I shifted in the bed.  "It's past your bedtime," I more or less said to him, "don't you think you're up a little late tonight?"  No answer.  "What's the occasion?"

"I heard Gramma cwying," he answered quietly.  He was only six years old.  I oftentimes forgot that, though--he was more mature and grown up than a lot of the adults I'd met over the years.  The way he couldn't always pronounce the 'r' sound when he spoke, though, always reminded me that he really was just a little kid first and foremost, no matter what.  The way he composed himself and the complexity of his speech sometimes made me forget that.

"Is she being too loud?"

The boy shook his head.  His light brown hair--neatly trimmed just this morning--fell into his eyes; we had combed it carefully only an hour or two before, but it was already knotted, tangled, and wild again.  I felt a pang in my heart; Maki had always loved the boy's hair, unruly and frustrating as it was.  I hated it.  If given the choice, I probably would have opted to have it all shaven off.  It reminded me too much of what I had lost.

"Then what's the problem?"

The kid looked at me with his blue eyes wide and asked: "Where has Mommy gone?"

I started at that.  I guess I had expected him to wonder about that and to ask someone about it, but it had never really occurred to me that the "someone" in question might be me.  His grandmother was around, after all--I couldn't get rid of her--and I had never really been comfortable around the kid.  I could never forget who his father was--what he had been like--and sometimes I thought I could see traces of the beast in the child's eyes.  But he was Maki's son, not the son of that dead maniac, and certainly not mine.  I was just his step dad.  So why did I have to answer his questions?

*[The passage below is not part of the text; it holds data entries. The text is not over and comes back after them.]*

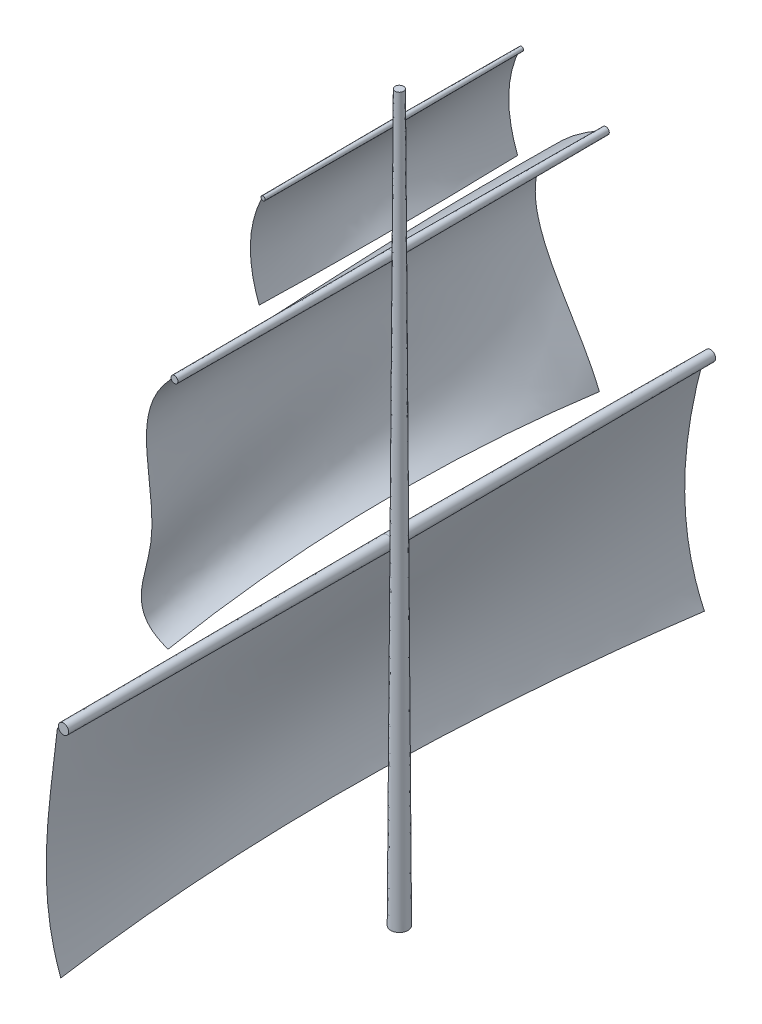
ISO-10303-21;
HEADER;
FILE_DESCRIPTION(('STEP AP214'),'2;1');
FILE_NAME('part.step','',(''),(''),'','','');
FILE_SCHEMA(('AUTOMOTIVE_DESIGN { 1 0 10303 214 1 1 1 1 }'));
ENDSEC;
DATA;
#1=APPLICATION_CONTEXT('core data for automotive mechanical design processes');
#2=APPLICATION_PROTOCOL_DEFINITION('international standard','automotive_design',2000,#1);
#3=PRODUCT_CONTEXT('',#1,'mechanical');
#4=PRODUCT('Part','Part','',(#3));
#5=PRODUCT_RELATED_PRODUCT_CATEGORY('part','',(#4));
#6=PRODUCT_DEFINITION_FORMATION('','',#4);
#7=PRODUCT_DEFINITION_CONTEXT('part definition',#1,'design');
#8=PRODUCT_DEFINITION('design','',#6,#7);
#9=PRODUCT_DEFINITION_SHAPE('','',#8);
#10=(LENGTH_UNIT() NAMED_UNIT(*) SI_UNIT(.MILLI.,.METRE.));
#11=(NAMED_UNIT(*) PLANE_ANGLE_UNIT() SI_UNIT($,.RADIAN.));
#12=(NAMED_UNIT(*) SI_UNIT($,.STERADIAN.) SOLID_ANGLE_UNIT());
#13=UNCERTAINTY_MEASURE_WITH_UNIT(LENGTH_MEASURE(1.E-05),#10,'distance_accuracy_value','');
#14=(GEOMETRIC_REPRESENTATION_CONTEXT(3) GLOBAL_UNCERTAINTY_ASSIGNED_CONTEXT((#13)) GLOBAL_UNIT_ASSIGNED_CONTEXT((#10,
#11,#12)) REPRESENTATION_CONTEXT('',''));
#15=CARTESIAN_POINT('',(0.,0.,0.));
#16=DIRECTION('',(0.,0.,1.));
#17=DIRECTION('',(1.,0.,0.));
#18=AXIS2_PLACEMENT_3D('',#15,#16,#17);
#19=CARTESIAN_POINT('',(-100.960602802566,-44.9650226884525,1214.1834459946));
#20=CARTESIAN_POINT('',(-100.960602802566,-44.9650226884525,1089.1834459946));
#21=CARTESIAN_POINT('',(-100.960602802566,-44.9650226884529,839.369528425784));
#22=CARTESIAN_POINT('',(-100.960602802566,-44.9650226884516,589.183445994602));
#23=CARTESIAN_POINT('',(-100.960602802566,-44.9650226884511,464.183445994602));
#24=CARTESIAN_POINT('',(-109.818708539546,-126.378421116059,1214.1834459946));
#25=CARTESIAN_POINT('',(-116.878199377664,-127.812599734107,1089.2068299228));
#26=CARTESIAN_POINT('',(-110.29437860858,-127.780754624803,839.346144491107));
#27=CARTESIAN_POINT('',(-129.700198564621,-127.415817484656,589.2068299228));
#28=CARTESIAN_POINT('',(-123.075534184451,-126.955578564677,464.183445994602));
#29=CARTESIAN_POINT('',(-126.989052154718,-214.219482091574,1214.1834459946));
#30=CARTESIAN_POINT('',(-141.108033830954,-217.08783932767,1089.230213851));
#31=CARTESIAN_POINT('',(-209.289887077103,-215.51618791211,839.32276055643));
#32=CARTESIAN_POINT('',(-152.069801804443,-222.987580643601,589.230213850999));
#33=CARTESIAN_POINT('',(-138.820473044104,-222.067102803643,464.183445994601));
#34=CARTESIAN_POINT('',(-97.0471646810293,-293.866747425482,1214.1834459946));
#35=CARTESIAN_POINT('',(-118.225637195383,-298.169283279626,1089.2535977792));
#36=CARTESIAN_POINT('',(-140.05647941573,-303.93301392788,839.299376621753));
#37=CARTESIAN_POINT('',(-120.834595943074,-304.012921468039,589.253597779197));
#38=CARTESIAN_POINT('',(-100.960602802566,-302.632204708102,464.183445994601));
#39=B_SPLINE_SURFACE_WITH_KNOTS('',3,3,((#19,#20,#21,#22,#23),(#24,#25,#26,#27,#28),(#29,#30,
#31,#32,#33),(#34,#35,#36,#37,#38)),.UNSPECIFIED.,.F.,.F.,.F.,(4,4),(4,1,4),(0.,1.),(0.,
0.500186082405409,1.),.UNSPECIFIED.);
#40=CARTESIAN_POINT('',(-100.960602802566,-44.9650226884525,1214.1834459946));
#41=CARTESIAN_POINT('',(-109.818708539546,-126.378421116059,1214.1834459946));
#42=CARTESIAN_POINT('',(-126.989052154718,-214.219482091574,1214.1834459946));
#43=CARTESIAN_POINT('',(-97.0471646810293,-293.866747425482,1214.1834459946));
#44=B_SPLINE_CURVE_WITH_KNOTS('',3,(#40,#41,#42,#43),.UNSPECIFIED.,.F.,.F.,(4,4),(0.,1.),.UNSPECIFIED.);
#45=CARTESIAN_POINT('',(-100.960602802566,-44.9650226884525,1214.1834459946));
#46=VERTEX_POINT('',#45);
#47=CARTESIAN_POINT('',(-97.0471646810293,-293.866747425482,1214.1834459946));
#48=VERTEX_POINT('',#47);
#49=EDGE_CURVE('P0_E13',#46,#48,#44,.T.);
#50=CARTESIAN_POINT('',(-97.0471646810293,-293.866747425482,1214.1834459946));
#51=CARTESIAN_POINT('',(-118.225637195383,-298.169283279626,1089.2535977792));
#52=CARTESIAN_POINT('',(-140.05647941573,-303.93301392788,839.299376621753));
#53=CARTESIAN_POINT('',(-120.834595943074,-304.012921468039,589.253597779197));
#54=CARTESIAN_POINT('',(-100.960602802566,-302.632204708102,464.183445994601));
#55=B_SPLINE_CURVE_WITH_KNOTS('',3,(#50,#51,#52,#53,#54),.UNSPECIFIED.,.F.,.F.,(4,1,4),(0.,
0.500186082405409,1.),.UNSPECIFIED.);
#56=CARTESIAN_POINT('',(-100.960602802566,-302.632204708102,464.183445994601));
#57=VERTEX_POINT('',#56);
#58=EDGE_CURVE('P0_E112',#48,#57,#55,.T.);
#59=CARTESIAN_POINT('',(-100.960602802566,-44.9650226884511,464.183445994602));
#60=CARTESIAN_POINT('',(-123.075534184451,-126.955578564677,464.183445994602));
#61=CARTESIAN_POINT('',(-138.820473044104,-222.067102803643,464.183445994601));
#62=CARTESIAN_POINT('',(-100.960602802566,-302.632204708102,464.183445994601));
#63=B_SPLINE_CURVE_WITH_KNOTS('',3,(#59,#60,#61,#62),.UNSPECIFIED.,.F.,.F.,(4,4),(0.,1.),.UNSPECIFIED.);
#64=CARTESIAN_POINT('',(-100.960602802566,-44.9650226884511,464.183445994602));
#65=VERTEX_POINT('',#64);
#66=EDGE_CURVE('P0_E120',#57,#65,#63,.F.);
#67=DIRECTION('',(0.,0.,1.));
#68=VECTOR('',#67,1.);
#69=CARTESIAN_POINT('',(-100.960602802566,-44.9650226884525,839.323007798665));
#70=LINE('',#69,#68);
#71=EDGE_CURVE('P0_E106',#65,#46,#70,.T.);
#72=ORIENTED_EDGE('',*,*,#49,.T.);
#73=ORIENTED_EDGE('',*,*,#58,.T.);
#74=ORIENTED_EDGE('',*,*,#66,.T.);
#75=ORIENTED_EDGE('',*,*,#71,.T.);
#76=EDGE_LOOP('',(#72,#73,#74,#75));
#77=FACE_BOUND('',#76,.T.);
#78=ADVANCED_FACE('P0_F103',(#77),#39,.T.);
#79=OPEN_SHELL('',(#78));
#80=SHELL_BASED_SURFACE_MODEL('P0_B2',(#79));
#81=CARTESIAN_POINT('',(-94.2592308843693,246.136219794413,1089.67824284904));
#82=CARTESIAN_POINT('',(-94.2592308843693,246.136219794413,1006.34490951571));
#83=CARTESIAN_POINT('',(-94.2592308843694,246.136219794413,840.415173330992));
#84=CARTESIAN_POINT('',(-94.2592308843694,246.136219794414,673.011576182373));
#85=CARTESIAN_POINT('',(-94.2592308843694,246.136219794414,589.67824284904));
#86=CARTESIAN_POINT('',(-99.4432558730941,240.630433576954,1089.67824284904));
#87=CARTESIAN_POINT('',(-100.460806724685,241.482076584033,1006.34766321308));
#88=CARTESIAN_POINT('',(-102.305691989201,242.560010972952,840.412419606703));
#89=CARTESIAN_POINT('',(-103.353521448802,241.577086684111,673.014329879745));
#90=CARTESIAN_POINT('',(-103.743817460077,240.779227817537,589.67824284904));
#91=CARTESIAN_POINT('',(-108.016857585715,229.557304149269,1089.67824284904));
#92=CARTESIAN_POINT('',(-111.069510140489,232.112233170505,1006.35317060782));
#93=CARTESIAN_POINT('',(-116.155235373363,234.654487738313,840.406912158121));
#94=CARTESIAN_POINT('',(-119.48084572357,232.44076628956,673.019837274488));
#95=CARTESIAN_POINT('',(-120.651733757393,230.047189689837,589.67824284904));
#96=CARTESIAN_POINT('',(-116.314071684048,212.749587703104,1089.67824284904));
#97=CARTESIAN_POINT('',(-121.892750687565,217.057438755459,1006.38553623403));
#98=CARTESIAN_POINT('',(-131.457696569391,221.57993141055,840.374546215536));
#99=CARTESIAN_POINT('',(-137.90428609835,217.820927718543,673.052202900697));
#100=CARTESIAN_POINT('',(-140.326585759316,213.895601995077,589.678242849039));
#101=CARTESIAN_POINT('',(-120.868420567079,195.729944569601,1089.67824284904));
#102=CARTESIAN_POINT('',(-128.643976998418,201.298598287453,1006.42498777885));
#103=CARTESIAN_POINT('',(-142.038282692813,207.185393194442,840.335094285068));
#104=CARTESIAN_POINT('',(-151.271616666264,202.606185285787,673.091654445518));
#105=CARTESIAN_POINT('',(-154.811163435431,197.691115815728,589.678242849039));
#106=CARTESIAN_POINT('',(-122.500046909039,178.485321712014,1089.67824284904));
#107=CARTESIAN_POINT('',(-132.147382085662,184.834308336752,1006.47110800002));
#108=CARTESIAN_POINT('',(-148.781919554989,191.67441543534,840.288973613064));
#109=CARTESIAN_POINT('',(-160.215723699234,186.800298536918,673.137774666691));
#110=CARTESIAN_POINT('',(-164.602214903979,181.434363170413,589.678242849039));
#111=CARTESIAN_POINT('',(-122.029243574411,161.001364996564,1089.67824284904));
#112=CARTESIAN_POINT('',(-133.279836887062,167.74221366983,1006.52315888799));
#113=CARTESIAN_POINT('',(-152.538006675372,175.168224335434,840.236922216292));
#114=CARTESIAN_POINT('',(-165.391270469528,170.491964644774,673.189825554656));
#115=CARTESIAN_POINT('',(-170.196488283203,165.125976077756,589.678242849039));
#116=CARTESIAN_POINT('',(-120.568407194918,146.221654223962,1089.67824284904));
#117=CARTESIAN_POINT('',(-132.966111971024,153.023450290094,1006.57246450768));
#118=CARTESIAN_POINT('',(-153.892592792905,160.703237373988,840.187616114636));
#119=CARTESIAN_POINT('',(-167.103864616591,156.537780519359,673.239131174347));
#120=CARTESIAN_POINT('',(-171.775024456656,151.493151476609,589.67824284904));
#121=CARTESIAN_POINT('',(-119.168709926541,134.264268266906,1089.67824284904));
#122=CARTESIAN_POINT('',(-132.394867601781,140.993853986722,1006.61514290797));
#123=CARTESIAN_POINT('',(-154.339974627506,148.773906091649,840.144937297152));
#124=CARTESIAN_POINT('',(-167.23986782683,145.192146442215,673.281809574639));
#125=CARTESIAN_POINT('',(-171.436212469,140.561706590642,589.678242849041));
#126=CARTESIAN_POINT('',(-118.10601122159,125.228447740406,1089.67824284904));
#127=CARTESIAN_POINT('',(-131.91420960961,131.852349366949,1006.64822580356));
#128=CARTESIAN_POINT('',(-154.463460252772,139.665715251429,840.111854078175));
#129=CARTESIAN_POINT('',(-166.805786875637,136.600457026438,673.314892470228));
#130=CARTESIAN_POINT('',(-170.443376529828,132.350609325971,589.678242849041));
#131=CARTESIAN_POINT('',(-117.132816587394,116.122421851403,1089.67824284904));
#132=CARTESIAN_POINT('',(-131.489294488868,122.598941020707,1006.6815015364));
#133=CARTESIAN_POINT('',(-154.480901329066,130.413901808985,840.078578020055));
#134=CARTESIAN_POINT('',(-165.916688096394,127.935378112604,673.348168203074));
#135=CARTESIAN_POINT('',(-168.773907157007,124.127077463431,589.678242849041));
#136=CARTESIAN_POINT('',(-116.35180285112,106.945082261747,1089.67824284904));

"Well, it's sort of hard to explain."

"Try?"

I shook my head.  "I can't," I said finally.  "I don't know either."

"Who knows, then?"

"Nobody knows," I said sullenly, meeting his level gaze.

He paused.  "Someone knows," he insisted.

"Maybe."  I shrugged.  "Everyone dies, kiddo.  It's just how things work."

He frowned again.  "Why do we live if we're just gonna die anyway?  Aw we alive just so we can die?"

"No," I said.  "Life if the thing that gives meaning to life; we live so we can have a life and make a difference in the world.  Does that make sense at all?"

"To make a diffewence," he repeated.  "What sort of diffewence?"

I had to think about that.  "Any sort of difference, so long as it changes the world a little.  It could be a little difference.  Or a big one.  Or a good one.  Or a..."  I stopped, not wanting to finish that sentence.

"A bad one," he finished.  "Do you think Mommy made a bad diffewence?"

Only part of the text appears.